### Brief:
Give back exactly the lines of the data below, starting with the line that has "loose ground(SRL-N250 AL)_PART6.ipt" and going on through the line that has "loose ground(SRL-N250 AL)_PART9.ipt".

--*--

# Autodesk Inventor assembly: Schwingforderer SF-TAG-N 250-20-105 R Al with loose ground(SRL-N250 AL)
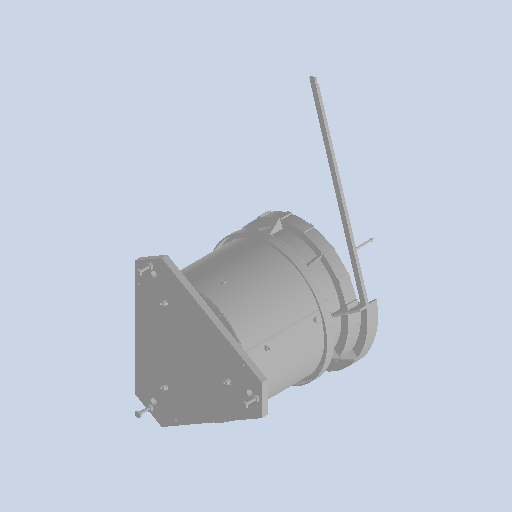
[picture p0: Inventor's stored thumbnail of the model, 512x512]
Saved by Autodesk Inventor 2025.2 (Build 292293000, 293)
## iProperties
Category: PARTsolutions
Company: RNA
Created: 2025-06-16
Part Number: Schwingforderer SF-TAG-N 250-20-105 R Al with loose ground(SRL-N250 AL)
Catalog Web Link: www.cadenas.de
Description: 250-Vibratory Bowl Feeder
Vendor: RNA
Document SubType Name: Assembly
Designer: psAdmin
Manufacturer: RNA
Mass: 8037.77 g
Surface Area: 14728.5 cm^2
Volume: 8037.77 cm^3
Density: 1 g/cm^3
PSOL_IDENT_0: {$CADENAS_DATA/23d-libs/rna/schwingfoerderer/bg_250.prj},262 {STYP=ASS},{VTYP=3D},{NB=Schwingfordere
PSOL_IDENT_1: r SF-TAG-N 250-20-105 R Al with loose ground(SRL-N250 AL)},{LINA=SF-TAG-N 250-20-105 R Al with loose
PSOL_IDENT_2: ground},{NN=250},{DATE=06.06.2017 07:12:53},{GEOMDATE=02.06.2017 06:00:57},{VERSION=},{LINEID=120},
PSOL_IDENT_3: {WBVAR=},{WBNUMERIC=}  {NB=Schwingforderer SF-TAG-N 250-20-105 R Al with loose ground(SRL-N250 AL)},
PSOL_IDENT_4: {LINA=SF-TAG-N 250-20-105 R Al with loose ground},{KT=DUMMY},{NAME=SF-TAG-N 250-20-105 R Al with loo
PSOL_IDENT_5: se ground},{INAME=SF2dTAG2dN202502d202d10520R20Al20with20loose20ground},{SHA256=rV/3CrsxDAyYqkcBF+Y8
PSOL_IDENT_6: nExrJVCtF3b6/2GE7EfEZ3w=},{CNSORDERNO=SF-TAG-N 250-20-105 R Al with loose ground},{HIDE=0},{A=Stufen
PSOL_IDENT_7: },{B=250},{C=Radial oben},{D=ALU},{E=Lose eingelegt},{F=20},{G=TAG-N250-20-105},{H=ohne},{I=SRL-N250
PSOL_IDENT_8: AL},{J=SRC-N250},{K=USJ250}
NB: Schwingforderer SF-TAG-N 250-20-105 R Al with loose ground(SRL-N250 AL)
NN: 250
NT: Vibratory Bowl Feeder
NBSYN: Schwingforderer $CNSORDERNO.($I.)
LINA: SF-TAG-N 250-20-105 R Al with loose ground
CATALOG: Rhein-Nadel-Automation
CNSORDERNO: SF-TAG-N 250-20-105 R Al with loose ground
A: Stufen
B: 250
C: Radial oben
D: ALU
E: Lose eingelegt
F: 20
G: TAG-N250-20-105
H: ohne
I: SRL-N250 AL
J: SRC-N250
K: USJ250
SUPPLIER: RNA
ARTICLENO: Schwingforderer SF-TAG-N 250-20-105 R Al with loose ground(SRL-N250 AL)
BOMINFO: SF-TAG-N 250-20-105 R Al with loose ground
CREATOR: CADENAS GmbH
Title: SF-TAG-N 250-20-105 R Al with loose ground
Author: Cadenas PARTsolutions
Comments: Vibratory Bowl Feeder
## Documents named in this file (40)
- D:\Useless_Box\CAD-Paspa\Useless Box\Kaufteile\SF-TAG-N 250-20-105 R Al\Schwingforderer SF-TAG-N 250-20-105 R Al with loose ground(SRL-N250 AL).iam
- D:\Useless_Box\CAD-Paspa\Useless Box\Kaufteile\SF-TAG-N 250-20-105 R Al\Schwingforderer SF-TAG-N 250-20-105 R Al with loose ground(SRL-N250 AL)_PART1.ipt
- D:\Useless_Box\CAD-Paspa\Useless Box\Kaufteile\SF-TAG-N 250-20-105 R Al\Schwingforderer SF-TAG-N 250-20-105 R Al with loose ground(SRL-N250 AL)_PART2.ipt
- D:\Useless_Box\CAD-Paspa\Useless Box\Kaufteile\SF-TAG-N 250-20-105 R Al\Schwingforderer SF-TAG-N 250-20-105 R Al with loose ground(SRL-N250 AL)_PART3.ipt
- D:\Useless_Box\CAD-Paspa\Useless Box\Kaufteile\SF-TAG-N 250-20-105 R Al\Schwingforderer SF-TAG-N 250-20-105 R Al with loose ground(SRL-N250 AL)_PART4.ipt
- D:\Useless_Box\CAD-Paspa\Useless Box\Kaufteile\SF-TAG-N 250-20-105 R Al\Schwingforderer SF-TAG-N 250-20-105 R Al with loose ground(SRL-N250 AL)_PART5.ipt
- D:\Useless_Box\CAD-Paspa\Useless Box\Kaufteile\SF-TAG-N 250-20-105 R Al\Schwingforderer SF-TAG-N 250-20-105 R Al with loose ground(SRL-N250 AL)_PART6.ipt
- D:\Useless_Box\CAD-Paspa\Useless Box\Kaufteile\SF-TAG-N 250-20-105 R Al\Schwingforderer SF-TAG-N 250-20-105 R Al with loose ground(SRL-N250 AL)_PART7.ipt
- D:\Useless_Box\CAD-Paspa\Useless Box\Kaufteile\SF-TAG-N 250-20-105 R Al\Schwingforderer SF-TAG-N 250-20-105 R Al with loose ground(SRL-N250 AL)_PART8.ipt
- D:\Useless_Box\CAD-Paspa\Useless Box\Kaufteile\SF-TAG-N 250-20-105 R Al\Schwingforderer SF-TAG-N 250-20-105 R Al with loose ground(SRL-N250 AL)_PART9.ipt
- D:\Useless_Box\CAD-Paspa\Useless Box\Kaufteile\SF-TAG-N 250-20-105 R Al\Schwingforderer SF-TAG-N 250-20-105 R Al with loose ground(SRL-N250 AL)_PART10.ipt
- D:\Useless_Box\CAD-Paspa\Useless Box\Kaufteile\SF-TAG-N 250-20-105 R Al\Schwingforderer SF-TAG-N 250-20-105 R Al with loose ground(SRL-N250 AL)_PART11.ipt
- D:\Useless_Box\CAD-Paspa\Useless Box\Kaufteile\SF-TAG-N 250-20-105 R Al\Schwingforderer SF-TAG-N 250-20-105 R Al with loose ground(SRL-N250 AL)_PART12.ipt
- D:\Useless_Box\CAD-Paspa\Useless Box\Kaufteile\SF-TAG-N 250-20-105 R Al\Schwingforderer SF-TAG-N 250-20-105 R Al with loose ground(SRL-N250 AL)_PART13.ipt
- D:\Useless_Box\CAD-Paspa\Useless Box\Kaufteile\SF-TAG-N 250-20-105 R Al\Schwingforderer SF-TAG-N 250-20-105 R Al with loose ground(SRL-N250 AL)_PART14.ipt
- D:\Useless_Box\CAD-Paspa\Useless Box\Kaufteile\SF-TAG-N 250-20-105 R Al\Schwingforderer SF-TAG-N 250-20-105 R Al with loose ground(SRL-N250 AL)_PART15.ipt
- D:\Useless_Box\CAD-Paspa\Useless Box\Kaufteile\SF-TAG-N 250-20-105 R Al\Schwingforderer SF-TAG-N 250-20-105 R Al with loose ground(SRL-N250 AL)_PART16.ipt
- D:\Useless_Box\CAD-Paspa\Useless Box\Kaufteile\SF-TAG-N 250-20-105 R Al\Schwingforderer SF-TAG-N 250-20-105 R Al with loose ground(SRL-N250 AL)_PART17.ipt
- D:\Useless_Box\CAD-Paspa\Useless Box\Kaufteile\SF-TAG-N 250-20-105 R Al\Schwingforderer SF-TAG-N 250-20-105 R Al with loose ground(SRL-N250 AL)_PART18.ipt
- D:\Useless_Box\CAD-Paspa\Useless Box\Kaufteile\SF-TAG-N 250-20-105 R Al\Schwingforderer SF-TAG-N 250-20-105 R Al with loose ground(SRL-N250 AL)_PART19.ipt
- D:\Useless_Box\CAD-Paspa\Useless Box\Kaufteile\SF-TAG-N 250-20-105 R Al\Schwingforderer SF-TAG-N 250-20-105 R Al with loose ground(SRL-N250 AL)_PART20.ipt
- D:\Useless_Box\CAD-Paspa\Useless Box\Kaufteile\SF-TAG-N 250-20-105 R Al\Schwingforderer SF-TAG-N 250-20-105 R Al with loose ground(SRL-N250 AL)_PART21.ipt
- D:\Useless_Box\CAD-Paspa\Useless Box\Kaufteile\SF-TAG-N 250-20-105 R Al\Schwingforderer SF-TAG-N 250-20-105 R Al with loose ground(SRL-N250 AL)_PART22.ipt
- D:\Useless_Box\CAD-Paspa\Useless Box\Kaufteile\SF-TAG-N 250-20-105 R Al\Schwingforderer SF-TAG-N 250-20-105 R Al with loose ground(SRL-N250 AL)_PART23.ipt
- D:\Useless_Box\CAD-Paspa\Useless Box\Kaufteile\SF-TAG-N 250-20-105 R Al\Schwingforderer SF-TAG-N 250-20-105 R Al with loose ground(SRL-N250 AL)_PART24.ipt
- D:\Useless_Box\CAD-Paspa\Useless Box\Kaufteile\SF-TAG-N 250-20-105 R Al\Schwingforderer SF-TAG-N 250-20-105 R Al with loose ground(SRL-N250 AL)_PART25.ipt
- D:\Useless_Box\CAD-Paspa\Useless Box\Kaufteile\SF-TAG-N 250-20-105 R Al\Schwingforderer SF-TAG-N 250-20-105 R Al with loose ground(SRL-N250 AL)_PART26.ipt
- D:\Useless_Box\CAD-Paspa\Useless Box\Kaufteile\SF-TAG-N 250-20-105 R Al\Schwingforderer SF-TAG-N 250-20-105 R Al with loose ground(SRL-N250 AL)_PART27.ipt
- D:\Useless_Box\CAD-Paspa\Useless Box\Kaufteile\SF-TAG-N 250-20-105 R Al\Schwingforderer SF-TAG-N 250-20-105 R Al with loose ground(SRL-N250 AL)_PART28.ipt
- D:\Useless_Box\CAD-Paspa\Useless Box\Kaufteile\SF-TAG-N 250-20-105 R Al\Schwingforderer SF-TAG-N 250-20-105 R Al with loose ground(SRL-N250 AL)_PART29.ipt
- D:\Useless_Box\CAD-Paspa\Useless Box\Kaufteile\SF-TAG-N 250-20-105 R Al\Schwingforderer SF-TAG-N 250-20-105 R Al with loose ground(SRL-N250 AL)_PART30.ipt
- D:\Useless_Box\CAD-Paspa\Useless Box\Kaufteile\SF-TAG-N 250-20-105 R Al\Schwingforderer SF-TAG-N 250-20-105 R Al with loose ground(SRL-N250 AL)_PART31.ipt
- D:\Useless_Box\CAD-Paspa\Useless Box\Kaufteile\SF-TAG-N 250-20-105 R Al\Schwingforderer SF-TAG-N 250-20-105 R Al with loose ground(SRL-N250 AL)_PART32.ipt
- D:\Useless_Box\CAD-Paspa\Useless Box\Kaufteile\SF-TAG-N 250-20-105 R Al\Schwingforderer SF-TAG-N 250-20-105 R Al with loose ground(SRL-N250 AL)_PART33.ipt
- D:\Useless_Box\CAD-Paspa\Useless Box\Kaufteile\SF-TAG-N 250-20-105 R Al\Schwingforderer SF-TAG-N 250-20-105 R Al with loose ground(SRL-N250 AL)_PART34.ipt
- D:\Useless_Box\CAD-Paspa\Useless Box\Kaufteile\SF-TAG-N 250-20-105 R Al\Schwingforderer SF-TAG-N 250-20-105 R Al with loose ground(SRL-N250 AL)_PART35.ipt
- D:\Useless_Box\CAD-Paspa\Useless Box\Kaufteile\SF-TAG-N 250-20-105 R Al\Schwingforderer SF-TAG-N 250-20-105 R Al with loose ground(SRL-N250 AL)_PART36.ipt
- D:\Useless_Box\CAD-Paspa\Useless Box\Kaufteile\SF-TAG-N 250-20-105 R Al\Schwingforderer SF-TAG-N 250-20-105 R Al with loose ground(SRL-N250 AL)_PART37.ipt
- D:\Useless_Box\CAD-Paspa\Useless Box\Kaufteile\SF-TAG-N 250-20-105 R Al\Schwingforderer SF-TAG-N 250-20-105 R Al with loose ground(SRL-N250 AL)_PART38.ipt
- D:\Useless_Box\CAD-Paspa\Useless Box\Kaufteile\IB06A229_ind_sensor\IB06A229.ipt
## Components (39 placed, 39 different names)
1. Schwingforderer SF-TAG-N 250-20-105 R Al with loose ground(SRL-N250 AL)_PART1:1
2. Schwingforderer SF-TAG-N 250-20-105 R Al with loose ground(SRL-N250 AL)_PART2:1
3. Schwingforderer SF-TAG-N 250-20-105 R Al with loose ground(SRL-N250 AL)_PART3:1
4. Schwingforderer SF-TAG-N 250-20-105 R Al with loose ground(SRL-N250 AL)_PART4:1
5. Schwingforderer SF-TAG-N 250-20-105 R Al with loose ground(SRL-N250 AL)_PART5:1
6. Schwingforderer SF-TAG-N 250-20-105 R Al with loose ground(SRL-N250 AL)_PART6:1
7. Schwingforderer SF-TAG-N 250-20-105 R Al with loose ground(SRL-N250 AL)_PART7:1
8. Schwingforderer SF-TAG-N 250-20-105 R Al with loose ground(SRL-N250 AL)_PART8:1
9. Schwingforderer SF-TAG-N 250-20-105 R Al with loose ground(SRL-N250 AL)_PART9:1
10. Schwingforderer SF-TAG-N 250-20-105 R Al with loose ground(SRL-N250 AL)_PART10:1
11. Schwingforderer SF-TAG-N 250-20-105 R Al with loose ground(SRL-N250 AL)_PART11:1
12. Schwingforderer SF-TAG-N 250-20-105 R Al with loose ground(SRL-N250 AL)_PART12:1 — Passend:1
13. Schwingforderer SF-TAG-N 250-20-105 R Al with loose ground(SRL-N250 AL)_PART13:1
14. Schwingforderer SF-TAG-N 250-20-105 R Al with loose ground(SRL-N250 AL)_PART14:1
15. Schwingforderer SF-TAG-N 250-20-105 R Al with loose ground(SRL-N250 AL)_PART15:1
16. Schwingforderer SF-TAG-N 250-20-105 R Al with loose ground(SRL-N250 AL)_PART16:1
17. Schwingforderer SF-TAG-N 250-20-105 R Al with loose ground(SRL-N250 AL)_PART17:1
18. Schwingforderer SF-TAG-N 250-20-105 R Al with loose ground(SRL-N250 AL)_PART18:1
19. Schwingforderer SF-TAG-N 250-20-105 R Al with loose ground(SRL-N250 AL)_PART19:1
20. Schwingforderer SF-TAG-N 250-20-105 R Al with loose ground(SRL-N250 AL)_PART20:1
21. Schwingforderer SF-TAG-N 250-20-105 R Al with loose ground(SRL-N250 AL)_PART21:1
22. Schwingforderer SF-TAG-N 250-20-105 R Al with loose ground(SRL-N250 AL)_PART22:1
23. Schwingforderer SF-TAG-N 250-20-105 R Al with loose ground(SRL-N250 AL)_PART23:1
24. Schwingforderer SF-TAG-N 250-20-105 R Al with loose ground(SRL-N250 AL)_PART24:1
25. Schwingforderer SF-TAG-N 250-20-105 R Al with loose ground(SRL-N250 AL)_PART25:1
26. Schwingforderer SF-TAG-N 250-20-105 R Al with loose ground(SRL-N250 AL)_PART26:1
27. Schwingforderer SF-TAG-N 250-20-105 R Al with loose ground(SRL-N250 AL)_PART27:1
28. Schwingforderer SF-TAG-N 250-20-105 R Al with loose ground(SRL-N250 AL)_PART28:1
29. Schwingforderer SF-TAG-N 250-20-105 R Al with loose ground(SRL-N250 AL)_PART29:1
30. Schwingforderer SF-TAG-N 250-20-105 R Al with loose ground(SRL-N250 AL)_PART30:1
31. Schwingforderer SF-TAG-N 250-20-105 R Al with loose ground(SRL-N250 AL)_PART31:1
32. Schwingforderer SF-TAG-N 250-20-105 R Al with loose ground(SRL-N250 AL)_PART32:1
33. Schwingforderer SF-TAG-N 250-20-105 R Al with loose ground(SRL-N250 AL)_PART33:1
34. Schwingforderer SF-TAG-N 250-20-105 R Al with loose ground(SRL-N250 AL)_PART34:1
35. Schwingforderer SF-TAG-N 250-20-105 R Al with loose ground(SRL-N250 AL)_PART35:1
36. Schwingforderer SF-TAG-N 250-20-105 R Al with loose ground(SRL-N250 AL)_PART36:1
37. Schwingforderer SF-TAG-N 250-20-105 R Al with loose ground(SRL-N250 AL)_PART37:1
38. Schwingforderer SF-TAG-N 250-20-105 R Al with loose ground(SRL-N250 AL)_PART38:1
39. IB06A229:1 — Passend:1
## Relationships (1: Mate 1)
- Passend:1 [Mate]: Schwingforderer SF-TAG-N 250-20-105 R Al with loose ground(SRL-N250 AL)_PART12:1 ↔ IB06A229:1

--*--

### Problem solution:
- D:\Useless_Box\CAD-Paspa\Useless Box\Kaufteile\SF-TAG-N 250-20-105 R Al\Schwingforderer SF-TAG-N 250-20-105 R Al with loose ground(SRL-N250 AL)_PART6.ipt
- D:\Useless_Box\CAD-Paspa\Useless Box\Kaufteile\SF-TAG-N 250-20-105 R Al\Schwingforderer SF-TAG-N 250-20-105 R Al with loose ground(SRL-N250 AL)_PART7.ipt
- D:\Useless_Box\CAD-Paspa\Useless Box\Kaufteile\SF-TAG-N 250-20-105 R Al\Schwingforderer SF-TAG-N 250-20-105 R Al with loose ground(SRL-N250 AL)_PART8.ipt
- D:\Useless_Box\CAD-Paspa\Useless Box\Kaufteile\SF-TAG-N 250-20-105 R Al\Schwingforderer SF-TAG-N 250-20-105 R Al with loose ground(SRL-N250 AL)_PART9.ipt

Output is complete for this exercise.